Дон Диего завел привычку отдыхать в саду на плетеном стуле, наслаждаясь вечерней прохладой. В годы тяжких испытаний Франсиско часто воскрешал в памяти эту картину: отец располагался в тени апельсиновых деревьев; вокруг него, наделенного несравненным даром рассказчика, мигом собирался тесный кружок очарованных слушателей. Едва он начинал какую-нибудь историю, все так и замирали, казалось, даже птицы переставали ворошиться в ветвях. А историй дон Диего знал несметное множество — о героях и рыцарях, о пророках и святых.

В один прекрасный день кто-то в шутку назвал апельсиновый сад академией[5]. Ирония ничуть не задела врача.
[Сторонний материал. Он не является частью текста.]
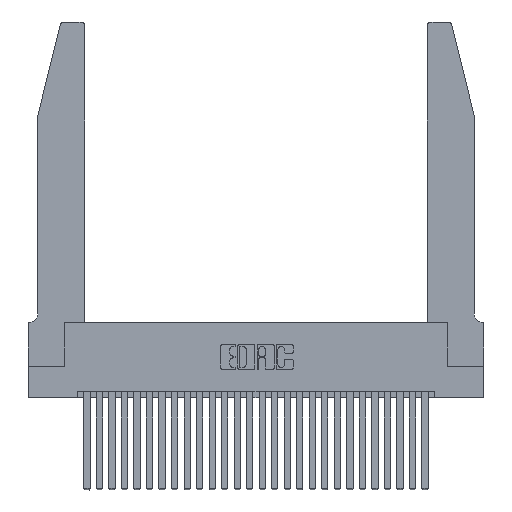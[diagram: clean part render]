
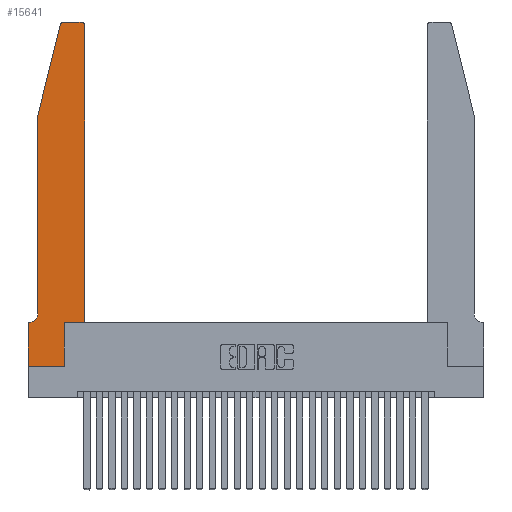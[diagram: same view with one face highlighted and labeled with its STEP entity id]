
A CAD part, top view. The second image highlights one B-rep face of the part: STEP entity #15641.
In plain terms, the highlighted planar face has unit normal (0, 0, 1).
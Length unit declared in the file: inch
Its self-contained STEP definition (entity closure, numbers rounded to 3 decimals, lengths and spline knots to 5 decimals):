
#535 = ORIENTED_EDGE ( 'NONE', *, *, #14381, .T. ) ;
#603 = DIRECTION ( 'NONE',  ( -1., 0., 0. ) ) ;
#1562 = CARTESIAN_POINT ( 'NONE',  ( 0.284, 2.75, 0.37 ) ) ;
#1644 = CARTESIAN_POINT ( 'NONE',  ( 0.25487, 2.72718, 0.37 ) ) ;
#2172 = DIRECTION ( 'NONE',  ( 0., 0., 1. ) ) ;
#2179 = ORIENTED_EDGE ( 'NONE', *, *, #28189, .T. ) ;
#2465 = DIRECTION ( 'NONE',  ( 1., 0., 0. ) ) ;
#2507 = CARTESIAN_POINT ( 'NONE',  ( 0., 0.35, 0.37 ) ) ;
#2926 = EDGE_CURVE ( 'NONE', #20985, #12698, #24998, .T. ) ;
#3038 = CIRCLE ( 'NONE', #24878, 0.07 ) ;
#3059 = ORIENTED_EDGE ( 'NONE', *, *, #3094, .T. ) ;
#3094 = EDGE_CURVE ( 'NONE', #27149, #12491, #15654, .T. ) ;
#3494 = DIRECTION ( 'NONE',  ( 1., 0., 0. ) ) ;
#3771 = CARTESIAN_POINT ( 'NONE',  ( 0., 0., 0.37 ) ) ;
#3804 = DIRECTION ( 'NONE',  ( 0., -1., 0. ) ) ;
#3944 = ORIENTED_EDGE ( 'NONE', *, *, #16650, .T. ) ;
#4980 = VERTEX_POINT ( 'NONE', #8670 ) ;
#5931 = CARTESIAN_POINT ( 'NONE',  ( 0.4505, 2.72, 0.37 ) ) ;
#6305 = VERTEX_POINT ( 'NONE', #23336 ) ;
#6729 = ORIENTED_EDGE ( 'NONE', *, *, #25626, .T. ) ;
#6770 = VECTOR ( 'NONE', #23836, 39.37008 ) ;
#6840 = VERTEX_POINT ( 'NONE', #20564 ) ;
#6984 = LINE ( 'NONE', #21802, #16963 ) ;
#7951 = CARTESIAN_POINT ( 'NONE',  ( 0., 0., 0.37 ) ) ;
#8047 = PLANE ( 'NONE',  #14600 ) ;
#8670 = CARTESIAN_POINT ( 'NONE',  ( 0.0755, 2., 0.37 ) ) ;
#8865 = EDGE_CURVE ( 'NONE', #6305, #11430, #3038, .T. ) ;
#9107 = FACE_OUTER_BOUND ( 'NONE', #14160, .T. ) ;
#9291 = VERTEX_POINT ( 'NONE', #2507 ) ;
#9471 = CARTESIAN_POINT ( 'NONE',  ( 0.2605, 2.75, 0.37 ) ) ;
#10502 = ORIENTED_EDGE ( 'NONE', *, *, #13239, .T. ) ;
#10833 = VERTEX_POINT ( 'NONE', #1644 ) ;
#11004 = CIRCLE ( 'NONE', #24348, 0.03 ) ;
#11430 = VERTEX_POINT ( 'NONE', #14816 ) ;
#11680 = CARTESIAN_POINT ( 'NONE',  ( 0.0055, 0.42, 0.37 ) ) ;
#11721 = EDGE_CURVE ( 'NONE', #12491, #24774, #16906, .T. ) ;
#12222 = VERTEX_POINT ( 'NONE', #26889 ) ;
#12491 = VERTEX_POINT ( 'NONE', #12886 ) ;
#12568 = CARTESIAN_POINT ( 'NONE',  ( 0.0755, 0.35, 0.37 ) ) ;
#12572 = DIRECTION ( 'NONE',  ( 0., 0., 1. ) ) ;
#12698 = VERTEX_POINT ( 'NONE', #26837 ) ;
#12886 = CARTESIAN_POINT ( 'NONE',  ( 0.4205, 2.75, 0.37 ) ) ;
#13054 = LINE ( 'NONE', #20485, #16540 ) ;
#13239 = EDGE_CURVE ( 'NONE', #6840, #27149, #13054, .T. ) ;
#13740 = ORIENTED_EDGE ( 'NONE', *, *, #22959, .T. ) ;
#14160 = EDGE_LOOP ( 'NONE', ( #18475, #6729, #21564, #13740, #21301, #2179, #24087, #24186, #535, #3944, #10502, #3059 ) ) ;
#14381 = EDGE_CURVE ( 'NONE', #12698, #12222, #25453, .T. ) ;
#14600 = AXIS2_PLACEMENT_3D ( 'NONE', #16918, #12572, #3494 ) ;
#14816 = CARTESIAN_POINT ( 'NONE',  ( 0.0055, 0.35, 0.37 ) ) ;
#15305 = CARTESIAN_POINT ( 'NONE',  ( 0.284, 2.72, 0.37 ) ) ;
#15641 = ADVANCED_FACE ( 'NONE', ( #9107 ), #8047, .T. ) ;
#15654 = CIRCLE ( 'NONE', #22383, 0.03 ) ;
#15929 = DIRECTION ( 'NONE',  ( 0., 0., -1. ) ) ;
#16113 = CARTESIAN_POINT ( 'NONE',  ( 0.0755, 2., 0.37 ) ) ;
#16540 = VECTOR ( 'NONE', #26989, 39.37008 ) ;
#16650 = EDGE_CURVE ( 'NONE', #12222, #6840, #17702, .T. ) ;
#16906 = LINE ( 'NONE', #9471, #18315 ) ;
#16918 = CARTESIAN_POINT ( 'NONE',  ( 0., 0.35, 0.37 ) ) ;
#16934 = CARTESIAN_POINT ( 'NONE',  ( 0.2865, 0.35, 0.37 ) ) ;
#16963 = VECTOR ( 'NONE', #3804, 39.37008 ) ;
#17702 = LINE ( 'NONE', #26392, #28350 ) ;
#18164 = EDGE_CURVE ( 'NONE', #10833, #4980, #23456, .T. ) ;
#18315 = VECTOR ( 'NONE', #603, 39.37008 ) ;
#18475 = ORIENTED_EDGE ( 'NONE', *, *, #11721, .T. ) ;
#18586 = DIRECTION ( 'NONE',  ( 0., 0., 1. ) ) ;
#20485 = CARTESIAN_POINT ( 'NONE',  ( 0.4505, 0.35, 0.37 ) ) ;
#20564 = CARTESIAN_POINT ( 'NONE',  ( 0.4505, 0.35, 0.37 ) ) ;
#20961 = VECTOR ( 'NONE', #24060, 39.37008 ) ;
#20985 = VERTEX_POINT ( 'NONE', #7951 ) ;
#21301 = ORIENTED_EDGE ( 'NONE', *, *, #8865, .T. ) ;
#21564 = ORIENTED_EDGE ( 'NONE', *, *, #18164, .T. ) ;
#21802 = CARTESIAN_POINT ( 'NONE',  ( 0., 0., 0.37 ) ) ;
#22383 = AXIS2_PLACEMENT_3D ( 'NONE', #27196, #18586, #24817 ) ;
#22959 = EDGE_CURVE ( 'NONE', #4980, #6305, #26928, .T. ) ;
#23336 = CARTESIAN_POINT ( 'NONE',  ( 0.0755, 0.42, 0.37 ) ) ;
#23456 = LINE ( 'NONE', #16113, #27886 ) ;
#23681 = CARTESIAN_POINT ( 'NONE',  ( 0.0755, 2., 0.37 ) ) ;
#23836 = DIRECTION ( 'NONE',  ( -1., 0., 0. ) ) ;
#24060 = DIRECTION ( 'NONE',  ( 0., 1., 0. ) ) ;
#24087 = ORIENTED_EDGE ( 'NONE', *, *, #24223, .T. ) ;
#24186 = ORIENTED_EDGE ( 'NONE', *, *, #2926, .T. ) ;
#24223 = EDGE_CURVE ( 'NONE', #9291, #20985, #6984, .T. ) ;
#24348 = AXIS2_PLACEMENT_3D ( 'NONE', #15305, #2172, #2465 ) ;
#24528 = VECTOR ( 'NONE', #27986, 39.37008 ) ;
#24774 = VERTEX_POINT ( 'NONE', #1562 ) ;
#24817 = DIRECTION ( 'NONE',  ( 1., 0., 0. ) ) ;
#24878 = AXIS2_PLACEMENT_3D ( 'NONE', #11680, #15929, #27280 ) ;
#24998 = LINE ( 'NONE', #3771, #25672 ) ;
#25453 = LINE ( 'NONE', #16934, #20961 ) ;
#25626 = EDGE_CURVE ( 'NONE', #24774, #10833, #11004, .T. ) ;
#25672 = VECTOR ( 'NONE', #27975, 39.37008 ) ;
#26392 = CARTESIAN_POINT ( 'NONE',  ( 0.4505, 0.35, 0.37 ) ) ;
#26767 = DIRECTION ( 'NONE',  ( 1., 0., 0. ) ) ;
#26837 = CARTESIAN_POINT ( 'NONE',  ( 0.2865, 0., 0.37 ) ) ;
#26889 = CARTESIAN_POINT ( 'NONE',  ( 0.2865, 0.35, 0.37 ) ) ;
#26928 = LINE ( 'NONE', #23681, #24528 ) ;
#26989 = DIRECTION ( 'NONE',  ( 0., 1., 0. ) ) ;
#27149 = VERTEX_POINT ( 'NONE', #5931 ) ;
#27196 = CARTESIAN_POINT ( 'NONE',  ( 0.4205, 2.72, 0.37 ) ) ;
#27273 = DIRECTION ( 'NONE',  ( -0.239, -0.971, 0. ) ) ;
#27280 = DIRECTION ( 'NONE',  ( -1., 0., 0. ) ) ;
#27761 = LINE ( 'NONE', #12568, #6770 ) ;
#27886 = VECTOR ( 'NONE', #27273, 39.37008 ) ;
#27975 = DIRECTION ( 'NONE',  ( 1., 0., 0. ) ) ;
#27986 = DIRECTION ( 'NONE',  ( 0., -1., 0. ) ) ;
#28189 = EDGE_CURVE ( 'NONE', #11430, #9291, #27761, .T. ) ;
#28350 = VECTOR ( 'NONE', #26767, 39.37008 ) ;

Мало того: дабы не показаться сконфуженным, он заявил, что отныне под деревьями будет проходить систематическое обучение домочадцев, поскольку отрывочными знаниями довольствоваться негоже. Дон Диего уговорил приветливого, худого как щепка монаха Исидро Миранду, с которым успел обменяться семейными тайнами, давать уроки домочадцам, поскольку изучать что-либо помимо катехизиса означало перейти опасную черту.

Отец семейства установил в саду стол из рожкового дерева, а вокруг него скамьи. Кроткий монах предложил заняться предметами квадривиума: грамматикой, географией, арифметикой и историей[6]. Голос брата Исидро звучал так сердечно и убедительно, что просто заслушаешься. Но взгляд выпученных глаз, слишком больших для костлявого лица, выражал не то изумление, не то испуг.

Учениками домашней школы стали Альдонса (которая с помощью мужа уже освоила чтение и письмо), четверо детей, а также Лукас Гранерос, друг юного Диего, и трое добрых соседей. Альдонса, хоть и происходила из довольно знатного рода, с юности только и умела что прясть, ткать, шить да вышивать.